→ **TASK ITEM**: Search the material for the string "GearBoxTop", then show every line where it turns up.

BEGIN PROVIDED ENTRIES

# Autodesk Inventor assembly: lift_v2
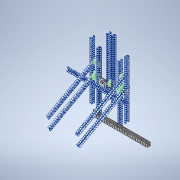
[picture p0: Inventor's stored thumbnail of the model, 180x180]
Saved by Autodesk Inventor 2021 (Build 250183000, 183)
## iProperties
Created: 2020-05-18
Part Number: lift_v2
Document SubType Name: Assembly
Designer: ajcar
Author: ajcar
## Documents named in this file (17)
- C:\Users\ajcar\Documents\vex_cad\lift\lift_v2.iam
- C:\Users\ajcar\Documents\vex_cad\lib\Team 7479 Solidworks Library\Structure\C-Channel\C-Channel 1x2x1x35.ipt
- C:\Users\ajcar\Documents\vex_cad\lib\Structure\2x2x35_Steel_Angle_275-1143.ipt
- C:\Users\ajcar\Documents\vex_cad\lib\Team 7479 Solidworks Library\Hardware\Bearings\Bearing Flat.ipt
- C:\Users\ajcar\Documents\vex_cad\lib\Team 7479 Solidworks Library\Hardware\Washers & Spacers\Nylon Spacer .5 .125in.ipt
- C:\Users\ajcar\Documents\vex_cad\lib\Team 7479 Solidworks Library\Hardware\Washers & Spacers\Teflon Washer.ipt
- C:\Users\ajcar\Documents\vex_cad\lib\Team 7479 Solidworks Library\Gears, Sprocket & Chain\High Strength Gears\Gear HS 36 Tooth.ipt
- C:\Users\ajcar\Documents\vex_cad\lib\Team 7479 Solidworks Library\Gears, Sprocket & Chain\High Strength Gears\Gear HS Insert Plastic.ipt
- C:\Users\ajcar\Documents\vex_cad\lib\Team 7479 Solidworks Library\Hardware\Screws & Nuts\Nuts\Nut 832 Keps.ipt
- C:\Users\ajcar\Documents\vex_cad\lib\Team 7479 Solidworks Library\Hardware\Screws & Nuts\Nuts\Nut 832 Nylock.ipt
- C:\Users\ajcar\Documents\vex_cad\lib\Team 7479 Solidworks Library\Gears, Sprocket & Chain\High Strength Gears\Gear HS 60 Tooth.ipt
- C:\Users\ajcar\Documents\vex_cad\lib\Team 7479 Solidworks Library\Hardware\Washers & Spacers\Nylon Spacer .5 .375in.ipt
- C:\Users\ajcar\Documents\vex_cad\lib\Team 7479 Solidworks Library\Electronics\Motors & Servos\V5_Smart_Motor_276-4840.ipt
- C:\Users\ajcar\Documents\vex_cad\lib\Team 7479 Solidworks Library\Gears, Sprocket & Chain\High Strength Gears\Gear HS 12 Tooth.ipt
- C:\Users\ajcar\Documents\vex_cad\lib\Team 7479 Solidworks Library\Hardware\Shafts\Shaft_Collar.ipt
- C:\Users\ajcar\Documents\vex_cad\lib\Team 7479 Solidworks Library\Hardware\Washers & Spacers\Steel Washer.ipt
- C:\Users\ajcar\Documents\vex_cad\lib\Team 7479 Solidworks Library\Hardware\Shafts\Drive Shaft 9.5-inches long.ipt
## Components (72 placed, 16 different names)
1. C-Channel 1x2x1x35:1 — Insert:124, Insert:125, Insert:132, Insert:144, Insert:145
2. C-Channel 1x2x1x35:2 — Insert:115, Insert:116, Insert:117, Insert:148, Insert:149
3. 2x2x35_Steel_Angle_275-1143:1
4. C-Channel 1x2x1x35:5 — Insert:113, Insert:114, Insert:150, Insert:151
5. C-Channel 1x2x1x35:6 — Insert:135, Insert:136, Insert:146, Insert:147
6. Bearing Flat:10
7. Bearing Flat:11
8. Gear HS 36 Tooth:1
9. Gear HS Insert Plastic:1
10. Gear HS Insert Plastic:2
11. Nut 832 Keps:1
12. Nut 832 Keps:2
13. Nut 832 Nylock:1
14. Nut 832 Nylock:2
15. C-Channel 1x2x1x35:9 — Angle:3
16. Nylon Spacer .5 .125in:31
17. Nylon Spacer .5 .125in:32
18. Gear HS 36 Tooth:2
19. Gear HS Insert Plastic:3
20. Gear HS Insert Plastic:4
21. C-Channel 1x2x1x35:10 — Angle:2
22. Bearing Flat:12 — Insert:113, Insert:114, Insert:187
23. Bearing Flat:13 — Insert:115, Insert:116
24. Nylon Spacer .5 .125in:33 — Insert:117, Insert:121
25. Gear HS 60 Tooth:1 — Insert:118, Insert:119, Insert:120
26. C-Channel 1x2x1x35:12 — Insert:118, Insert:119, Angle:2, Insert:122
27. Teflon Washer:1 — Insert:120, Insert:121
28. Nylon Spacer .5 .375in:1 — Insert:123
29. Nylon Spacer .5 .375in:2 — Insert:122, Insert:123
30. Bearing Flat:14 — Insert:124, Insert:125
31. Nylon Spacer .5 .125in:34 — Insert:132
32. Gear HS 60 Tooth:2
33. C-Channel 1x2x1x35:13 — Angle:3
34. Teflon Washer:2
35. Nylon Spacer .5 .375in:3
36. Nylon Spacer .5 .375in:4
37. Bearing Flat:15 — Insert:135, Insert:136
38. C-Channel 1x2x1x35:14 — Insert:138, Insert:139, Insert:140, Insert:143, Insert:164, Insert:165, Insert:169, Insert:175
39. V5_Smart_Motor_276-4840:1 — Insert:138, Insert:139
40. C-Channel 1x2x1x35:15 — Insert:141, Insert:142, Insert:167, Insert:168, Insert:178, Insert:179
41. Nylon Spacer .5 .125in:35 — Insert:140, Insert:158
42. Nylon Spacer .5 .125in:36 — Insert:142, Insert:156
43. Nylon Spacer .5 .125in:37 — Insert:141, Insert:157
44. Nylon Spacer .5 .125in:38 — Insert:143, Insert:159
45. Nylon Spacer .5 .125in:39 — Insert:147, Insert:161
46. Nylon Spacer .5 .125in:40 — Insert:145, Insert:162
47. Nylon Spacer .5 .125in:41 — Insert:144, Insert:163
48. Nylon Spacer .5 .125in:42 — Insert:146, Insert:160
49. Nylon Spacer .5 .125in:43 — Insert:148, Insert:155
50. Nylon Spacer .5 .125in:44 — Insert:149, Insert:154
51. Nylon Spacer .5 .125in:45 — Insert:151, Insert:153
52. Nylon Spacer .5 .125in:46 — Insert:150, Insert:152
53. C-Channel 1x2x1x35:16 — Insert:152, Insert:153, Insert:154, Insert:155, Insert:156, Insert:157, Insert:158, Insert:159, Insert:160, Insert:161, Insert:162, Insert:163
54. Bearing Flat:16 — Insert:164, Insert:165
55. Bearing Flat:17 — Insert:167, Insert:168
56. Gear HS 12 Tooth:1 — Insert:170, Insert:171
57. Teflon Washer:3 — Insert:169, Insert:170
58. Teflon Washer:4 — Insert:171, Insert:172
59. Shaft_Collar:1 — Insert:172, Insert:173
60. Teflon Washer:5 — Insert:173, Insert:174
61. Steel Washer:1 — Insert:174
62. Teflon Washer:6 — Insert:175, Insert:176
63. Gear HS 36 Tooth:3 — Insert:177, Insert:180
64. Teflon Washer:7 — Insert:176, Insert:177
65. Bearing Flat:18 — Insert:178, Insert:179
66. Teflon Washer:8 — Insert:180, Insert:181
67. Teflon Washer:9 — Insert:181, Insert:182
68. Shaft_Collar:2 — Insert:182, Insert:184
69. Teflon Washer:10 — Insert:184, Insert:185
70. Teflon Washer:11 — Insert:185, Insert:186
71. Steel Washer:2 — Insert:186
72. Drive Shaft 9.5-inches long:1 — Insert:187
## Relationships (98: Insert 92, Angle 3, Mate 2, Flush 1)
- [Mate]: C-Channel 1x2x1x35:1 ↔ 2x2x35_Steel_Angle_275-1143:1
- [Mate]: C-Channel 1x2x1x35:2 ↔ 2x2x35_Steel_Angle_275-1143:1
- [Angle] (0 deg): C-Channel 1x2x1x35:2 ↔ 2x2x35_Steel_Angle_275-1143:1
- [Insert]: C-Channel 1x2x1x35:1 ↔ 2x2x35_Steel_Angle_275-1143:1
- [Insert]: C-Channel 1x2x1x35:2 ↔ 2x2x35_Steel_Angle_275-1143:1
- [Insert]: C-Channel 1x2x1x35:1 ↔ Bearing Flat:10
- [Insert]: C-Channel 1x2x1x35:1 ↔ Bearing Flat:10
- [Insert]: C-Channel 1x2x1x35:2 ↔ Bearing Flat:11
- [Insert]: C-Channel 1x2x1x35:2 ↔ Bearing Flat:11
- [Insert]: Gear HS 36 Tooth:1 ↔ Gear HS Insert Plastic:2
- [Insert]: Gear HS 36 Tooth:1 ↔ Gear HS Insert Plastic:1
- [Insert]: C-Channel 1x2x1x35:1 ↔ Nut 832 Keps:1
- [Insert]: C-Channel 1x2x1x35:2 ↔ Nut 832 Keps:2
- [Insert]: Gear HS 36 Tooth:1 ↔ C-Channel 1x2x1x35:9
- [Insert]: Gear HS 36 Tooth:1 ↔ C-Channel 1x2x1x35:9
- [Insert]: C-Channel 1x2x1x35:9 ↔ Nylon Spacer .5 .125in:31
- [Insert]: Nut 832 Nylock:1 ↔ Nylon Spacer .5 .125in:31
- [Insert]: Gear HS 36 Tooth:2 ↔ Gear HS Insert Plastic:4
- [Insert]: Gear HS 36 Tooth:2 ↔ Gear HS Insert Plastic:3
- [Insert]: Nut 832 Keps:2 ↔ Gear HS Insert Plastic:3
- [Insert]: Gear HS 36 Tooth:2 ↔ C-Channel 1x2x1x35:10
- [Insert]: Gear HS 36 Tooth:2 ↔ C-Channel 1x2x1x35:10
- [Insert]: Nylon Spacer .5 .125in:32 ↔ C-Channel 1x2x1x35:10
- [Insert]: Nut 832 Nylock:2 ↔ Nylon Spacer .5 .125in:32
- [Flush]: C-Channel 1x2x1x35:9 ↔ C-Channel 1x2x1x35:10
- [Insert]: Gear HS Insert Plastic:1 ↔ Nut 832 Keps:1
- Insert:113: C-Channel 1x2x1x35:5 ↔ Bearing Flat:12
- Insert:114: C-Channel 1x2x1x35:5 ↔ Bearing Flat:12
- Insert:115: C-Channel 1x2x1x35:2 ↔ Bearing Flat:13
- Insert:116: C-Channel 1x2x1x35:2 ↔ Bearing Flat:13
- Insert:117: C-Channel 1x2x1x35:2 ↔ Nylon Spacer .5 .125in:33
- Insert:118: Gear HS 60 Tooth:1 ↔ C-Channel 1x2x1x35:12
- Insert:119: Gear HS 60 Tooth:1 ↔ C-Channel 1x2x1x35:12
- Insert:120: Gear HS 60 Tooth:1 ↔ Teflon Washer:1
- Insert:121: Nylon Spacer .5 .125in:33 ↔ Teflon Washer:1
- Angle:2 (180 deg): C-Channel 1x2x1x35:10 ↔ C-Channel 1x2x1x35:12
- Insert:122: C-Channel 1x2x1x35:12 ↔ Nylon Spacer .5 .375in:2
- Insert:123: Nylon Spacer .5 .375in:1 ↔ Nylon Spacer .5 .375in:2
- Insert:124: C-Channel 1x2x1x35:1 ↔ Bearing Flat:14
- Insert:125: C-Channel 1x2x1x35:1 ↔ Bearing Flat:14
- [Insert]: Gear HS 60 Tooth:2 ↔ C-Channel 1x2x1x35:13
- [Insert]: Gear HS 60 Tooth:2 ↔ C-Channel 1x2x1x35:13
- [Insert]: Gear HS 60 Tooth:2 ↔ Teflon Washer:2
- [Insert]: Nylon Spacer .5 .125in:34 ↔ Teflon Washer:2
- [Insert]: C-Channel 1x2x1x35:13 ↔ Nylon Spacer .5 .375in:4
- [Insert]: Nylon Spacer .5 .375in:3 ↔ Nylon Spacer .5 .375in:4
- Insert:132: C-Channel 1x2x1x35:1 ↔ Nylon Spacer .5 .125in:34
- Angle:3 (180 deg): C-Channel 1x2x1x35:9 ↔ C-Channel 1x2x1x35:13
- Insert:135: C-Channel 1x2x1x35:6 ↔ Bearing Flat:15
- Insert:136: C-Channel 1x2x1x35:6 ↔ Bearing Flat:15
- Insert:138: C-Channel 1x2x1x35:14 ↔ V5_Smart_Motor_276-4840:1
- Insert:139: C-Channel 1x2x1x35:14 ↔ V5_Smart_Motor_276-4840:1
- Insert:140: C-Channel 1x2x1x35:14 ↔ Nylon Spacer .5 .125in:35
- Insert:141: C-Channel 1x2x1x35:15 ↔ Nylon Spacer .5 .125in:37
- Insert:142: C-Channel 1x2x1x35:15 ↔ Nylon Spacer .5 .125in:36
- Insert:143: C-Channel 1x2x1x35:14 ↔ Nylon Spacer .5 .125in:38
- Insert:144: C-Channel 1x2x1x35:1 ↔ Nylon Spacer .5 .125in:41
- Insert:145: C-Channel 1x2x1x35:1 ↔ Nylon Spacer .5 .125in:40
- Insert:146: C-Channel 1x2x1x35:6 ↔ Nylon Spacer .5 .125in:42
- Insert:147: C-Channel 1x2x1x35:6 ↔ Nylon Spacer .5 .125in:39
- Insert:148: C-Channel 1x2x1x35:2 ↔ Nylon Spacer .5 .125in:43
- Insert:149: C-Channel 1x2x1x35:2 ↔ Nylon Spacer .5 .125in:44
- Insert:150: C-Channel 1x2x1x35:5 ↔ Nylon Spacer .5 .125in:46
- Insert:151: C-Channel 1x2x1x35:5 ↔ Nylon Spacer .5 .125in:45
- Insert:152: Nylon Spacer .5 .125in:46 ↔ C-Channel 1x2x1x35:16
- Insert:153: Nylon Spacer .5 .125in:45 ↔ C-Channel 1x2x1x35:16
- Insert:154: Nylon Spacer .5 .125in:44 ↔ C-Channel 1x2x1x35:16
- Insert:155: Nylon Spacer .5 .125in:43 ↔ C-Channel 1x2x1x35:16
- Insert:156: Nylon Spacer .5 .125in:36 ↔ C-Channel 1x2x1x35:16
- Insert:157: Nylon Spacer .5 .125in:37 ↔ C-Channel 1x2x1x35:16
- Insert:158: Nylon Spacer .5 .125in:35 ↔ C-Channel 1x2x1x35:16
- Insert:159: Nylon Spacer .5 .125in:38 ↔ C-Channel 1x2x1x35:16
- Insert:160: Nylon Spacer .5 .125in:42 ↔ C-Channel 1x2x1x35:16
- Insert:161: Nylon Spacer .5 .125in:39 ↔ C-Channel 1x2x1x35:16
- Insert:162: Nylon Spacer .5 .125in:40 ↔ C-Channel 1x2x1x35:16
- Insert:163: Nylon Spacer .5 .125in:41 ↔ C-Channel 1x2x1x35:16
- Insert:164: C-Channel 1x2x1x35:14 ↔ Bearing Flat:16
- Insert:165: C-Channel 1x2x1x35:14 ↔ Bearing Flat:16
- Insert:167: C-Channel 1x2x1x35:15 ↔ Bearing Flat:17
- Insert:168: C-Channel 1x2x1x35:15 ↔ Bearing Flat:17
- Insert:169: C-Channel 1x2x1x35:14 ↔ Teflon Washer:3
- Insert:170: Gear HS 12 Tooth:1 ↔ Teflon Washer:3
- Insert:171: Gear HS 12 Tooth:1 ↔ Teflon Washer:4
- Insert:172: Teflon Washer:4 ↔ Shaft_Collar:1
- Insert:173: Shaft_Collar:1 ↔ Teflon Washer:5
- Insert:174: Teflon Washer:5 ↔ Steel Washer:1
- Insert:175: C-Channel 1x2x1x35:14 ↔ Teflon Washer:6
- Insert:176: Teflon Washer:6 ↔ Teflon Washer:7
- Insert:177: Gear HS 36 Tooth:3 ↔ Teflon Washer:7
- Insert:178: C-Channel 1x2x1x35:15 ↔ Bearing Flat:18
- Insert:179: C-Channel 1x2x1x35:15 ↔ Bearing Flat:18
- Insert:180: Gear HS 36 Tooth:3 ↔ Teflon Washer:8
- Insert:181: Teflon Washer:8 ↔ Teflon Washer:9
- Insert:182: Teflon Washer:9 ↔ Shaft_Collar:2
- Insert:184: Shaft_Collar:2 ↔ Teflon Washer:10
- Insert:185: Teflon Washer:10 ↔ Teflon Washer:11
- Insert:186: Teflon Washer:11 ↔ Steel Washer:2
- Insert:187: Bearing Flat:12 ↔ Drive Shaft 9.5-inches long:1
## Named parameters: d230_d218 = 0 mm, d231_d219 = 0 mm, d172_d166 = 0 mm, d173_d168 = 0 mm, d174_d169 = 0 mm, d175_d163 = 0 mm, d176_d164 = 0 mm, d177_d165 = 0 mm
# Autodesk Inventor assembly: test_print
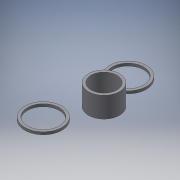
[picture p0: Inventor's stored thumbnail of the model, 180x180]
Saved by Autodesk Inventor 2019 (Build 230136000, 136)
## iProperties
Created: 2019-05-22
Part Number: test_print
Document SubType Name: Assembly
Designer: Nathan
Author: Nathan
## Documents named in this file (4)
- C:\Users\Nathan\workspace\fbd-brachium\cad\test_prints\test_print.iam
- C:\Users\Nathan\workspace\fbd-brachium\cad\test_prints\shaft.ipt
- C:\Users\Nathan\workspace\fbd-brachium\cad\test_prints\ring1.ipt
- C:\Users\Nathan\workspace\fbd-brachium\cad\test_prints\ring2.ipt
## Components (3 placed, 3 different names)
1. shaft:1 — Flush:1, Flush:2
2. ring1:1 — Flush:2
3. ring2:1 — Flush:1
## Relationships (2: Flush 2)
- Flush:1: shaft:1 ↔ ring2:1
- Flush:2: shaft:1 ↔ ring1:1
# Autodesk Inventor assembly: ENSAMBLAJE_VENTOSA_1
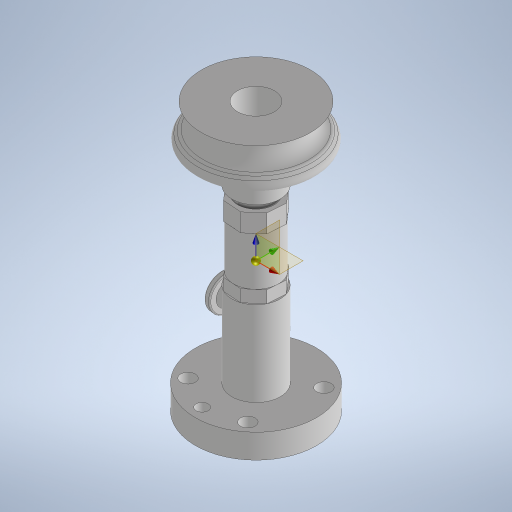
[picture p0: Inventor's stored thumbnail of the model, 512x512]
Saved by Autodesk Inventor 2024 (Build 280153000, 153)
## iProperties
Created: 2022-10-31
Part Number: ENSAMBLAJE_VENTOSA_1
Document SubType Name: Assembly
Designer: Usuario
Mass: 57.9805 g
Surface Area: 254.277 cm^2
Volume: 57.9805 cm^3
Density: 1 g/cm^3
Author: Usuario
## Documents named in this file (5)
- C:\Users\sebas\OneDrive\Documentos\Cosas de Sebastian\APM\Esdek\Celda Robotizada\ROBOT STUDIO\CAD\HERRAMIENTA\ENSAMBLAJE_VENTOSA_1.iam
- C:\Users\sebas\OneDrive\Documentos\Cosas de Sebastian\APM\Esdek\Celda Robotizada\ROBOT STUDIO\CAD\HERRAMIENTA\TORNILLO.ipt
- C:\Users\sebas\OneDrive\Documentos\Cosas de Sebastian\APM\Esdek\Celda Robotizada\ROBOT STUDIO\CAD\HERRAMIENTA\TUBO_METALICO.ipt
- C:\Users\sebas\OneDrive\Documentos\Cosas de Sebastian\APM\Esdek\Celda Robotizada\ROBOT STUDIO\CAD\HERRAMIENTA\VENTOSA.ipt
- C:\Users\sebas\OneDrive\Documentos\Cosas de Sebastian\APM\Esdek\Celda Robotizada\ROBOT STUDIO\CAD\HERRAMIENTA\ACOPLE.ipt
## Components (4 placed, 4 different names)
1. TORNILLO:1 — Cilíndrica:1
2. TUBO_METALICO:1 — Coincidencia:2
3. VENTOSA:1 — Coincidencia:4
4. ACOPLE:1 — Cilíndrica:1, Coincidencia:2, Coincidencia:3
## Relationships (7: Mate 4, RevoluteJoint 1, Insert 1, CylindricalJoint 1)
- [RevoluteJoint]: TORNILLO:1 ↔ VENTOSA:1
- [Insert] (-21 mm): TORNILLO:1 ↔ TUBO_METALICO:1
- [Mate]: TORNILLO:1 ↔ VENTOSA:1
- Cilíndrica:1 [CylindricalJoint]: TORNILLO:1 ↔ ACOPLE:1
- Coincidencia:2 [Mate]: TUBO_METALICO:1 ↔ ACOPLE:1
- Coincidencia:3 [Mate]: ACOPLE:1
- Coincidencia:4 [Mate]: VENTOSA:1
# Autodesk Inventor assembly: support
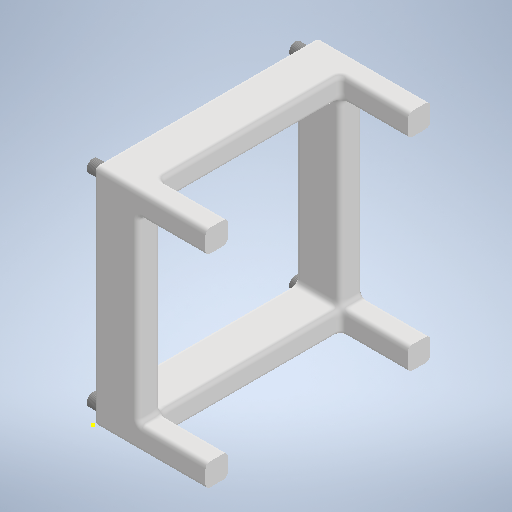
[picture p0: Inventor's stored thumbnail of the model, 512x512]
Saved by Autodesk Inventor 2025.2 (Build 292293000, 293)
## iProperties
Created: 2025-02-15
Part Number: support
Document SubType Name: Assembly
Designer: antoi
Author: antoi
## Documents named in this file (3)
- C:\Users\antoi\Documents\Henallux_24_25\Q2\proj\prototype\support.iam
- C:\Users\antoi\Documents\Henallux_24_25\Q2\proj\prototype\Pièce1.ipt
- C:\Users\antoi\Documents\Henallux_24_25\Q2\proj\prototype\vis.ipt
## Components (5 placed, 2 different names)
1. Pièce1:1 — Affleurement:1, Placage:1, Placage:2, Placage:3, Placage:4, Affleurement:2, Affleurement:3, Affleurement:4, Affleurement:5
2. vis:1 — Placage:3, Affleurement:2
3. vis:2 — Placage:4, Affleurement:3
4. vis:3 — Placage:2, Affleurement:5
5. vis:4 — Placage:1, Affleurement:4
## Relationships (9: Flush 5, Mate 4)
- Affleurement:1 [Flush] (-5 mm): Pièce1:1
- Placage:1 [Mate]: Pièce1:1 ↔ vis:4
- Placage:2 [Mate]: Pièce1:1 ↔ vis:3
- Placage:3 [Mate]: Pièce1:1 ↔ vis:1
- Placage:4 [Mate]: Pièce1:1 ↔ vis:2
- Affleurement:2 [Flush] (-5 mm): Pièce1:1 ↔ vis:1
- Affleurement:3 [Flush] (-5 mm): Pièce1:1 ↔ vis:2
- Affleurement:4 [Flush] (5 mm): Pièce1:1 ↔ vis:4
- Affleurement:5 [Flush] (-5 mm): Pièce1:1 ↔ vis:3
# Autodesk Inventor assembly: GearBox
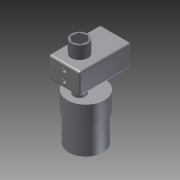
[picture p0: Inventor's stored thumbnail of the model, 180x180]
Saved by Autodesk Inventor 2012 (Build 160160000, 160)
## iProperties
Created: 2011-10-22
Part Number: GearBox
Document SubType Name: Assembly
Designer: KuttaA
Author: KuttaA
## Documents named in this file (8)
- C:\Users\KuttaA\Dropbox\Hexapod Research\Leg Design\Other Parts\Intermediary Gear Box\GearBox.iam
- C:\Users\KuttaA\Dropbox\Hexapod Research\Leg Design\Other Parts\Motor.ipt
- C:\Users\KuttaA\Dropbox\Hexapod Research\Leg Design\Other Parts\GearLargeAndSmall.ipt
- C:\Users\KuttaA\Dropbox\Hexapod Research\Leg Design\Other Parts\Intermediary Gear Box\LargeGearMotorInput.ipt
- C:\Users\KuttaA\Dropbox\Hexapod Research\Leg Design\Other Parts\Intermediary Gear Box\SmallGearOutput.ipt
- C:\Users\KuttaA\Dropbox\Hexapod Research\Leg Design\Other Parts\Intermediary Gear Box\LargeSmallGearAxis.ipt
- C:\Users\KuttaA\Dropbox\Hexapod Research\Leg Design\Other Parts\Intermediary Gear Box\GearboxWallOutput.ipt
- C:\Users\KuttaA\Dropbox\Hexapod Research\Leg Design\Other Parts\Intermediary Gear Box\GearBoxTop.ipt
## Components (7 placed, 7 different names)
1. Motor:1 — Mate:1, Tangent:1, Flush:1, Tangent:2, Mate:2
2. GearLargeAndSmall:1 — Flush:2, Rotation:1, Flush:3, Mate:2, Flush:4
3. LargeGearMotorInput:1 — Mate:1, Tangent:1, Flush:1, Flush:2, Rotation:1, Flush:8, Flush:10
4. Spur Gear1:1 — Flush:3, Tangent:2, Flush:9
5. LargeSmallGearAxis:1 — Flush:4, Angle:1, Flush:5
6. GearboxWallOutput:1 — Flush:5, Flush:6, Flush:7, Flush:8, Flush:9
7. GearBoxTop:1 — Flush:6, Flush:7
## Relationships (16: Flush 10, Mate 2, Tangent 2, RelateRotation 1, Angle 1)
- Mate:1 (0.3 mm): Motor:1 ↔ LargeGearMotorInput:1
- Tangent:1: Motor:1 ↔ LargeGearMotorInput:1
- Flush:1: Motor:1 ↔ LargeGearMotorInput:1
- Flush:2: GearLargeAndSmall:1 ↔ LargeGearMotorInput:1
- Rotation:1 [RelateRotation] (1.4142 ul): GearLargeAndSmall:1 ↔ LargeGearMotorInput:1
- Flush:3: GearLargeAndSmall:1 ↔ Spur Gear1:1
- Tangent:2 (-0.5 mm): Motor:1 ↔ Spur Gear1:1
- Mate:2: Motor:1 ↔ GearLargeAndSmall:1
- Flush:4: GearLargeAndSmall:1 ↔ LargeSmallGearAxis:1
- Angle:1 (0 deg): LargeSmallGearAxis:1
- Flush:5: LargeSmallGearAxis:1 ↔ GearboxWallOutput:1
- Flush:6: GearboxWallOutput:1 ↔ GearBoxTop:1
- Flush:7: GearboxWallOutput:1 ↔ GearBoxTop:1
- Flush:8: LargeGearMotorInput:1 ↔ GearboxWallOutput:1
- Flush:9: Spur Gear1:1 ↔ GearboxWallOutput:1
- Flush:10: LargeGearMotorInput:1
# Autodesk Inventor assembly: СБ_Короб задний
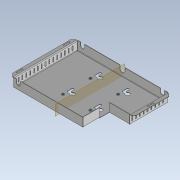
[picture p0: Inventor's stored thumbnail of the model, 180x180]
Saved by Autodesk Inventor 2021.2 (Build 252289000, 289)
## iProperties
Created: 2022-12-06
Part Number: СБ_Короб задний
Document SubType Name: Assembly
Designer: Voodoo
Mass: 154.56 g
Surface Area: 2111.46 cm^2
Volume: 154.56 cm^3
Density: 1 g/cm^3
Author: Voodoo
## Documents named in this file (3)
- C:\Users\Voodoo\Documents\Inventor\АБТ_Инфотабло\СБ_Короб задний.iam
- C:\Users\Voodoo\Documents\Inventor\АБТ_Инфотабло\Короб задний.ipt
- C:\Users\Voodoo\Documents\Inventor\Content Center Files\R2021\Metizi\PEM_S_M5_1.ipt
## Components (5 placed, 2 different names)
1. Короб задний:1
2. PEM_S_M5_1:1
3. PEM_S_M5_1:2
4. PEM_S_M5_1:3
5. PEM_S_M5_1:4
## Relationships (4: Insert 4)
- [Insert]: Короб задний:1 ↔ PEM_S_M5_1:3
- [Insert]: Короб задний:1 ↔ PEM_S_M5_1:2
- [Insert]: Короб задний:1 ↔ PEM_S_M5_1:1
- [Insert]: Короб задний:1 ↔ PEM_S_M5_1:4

END PROVIDED ENTRIES

→ **RESULT FOR THIS EXERCISE**:
- C:\Users\KuttaA\Dropbox\Hexapod Research\Leg Design\Other Parts\Intermediary Gear Box\GearBoxTop.ipt
7. GearBoxTop:1 — Flush:6, Flush:7
- Flush:6: GearboxWallOutput:1 ↔ GearBoxTop:1
- Flush:7: GearboxWallOutput:1 ↔ GearBoxTop:1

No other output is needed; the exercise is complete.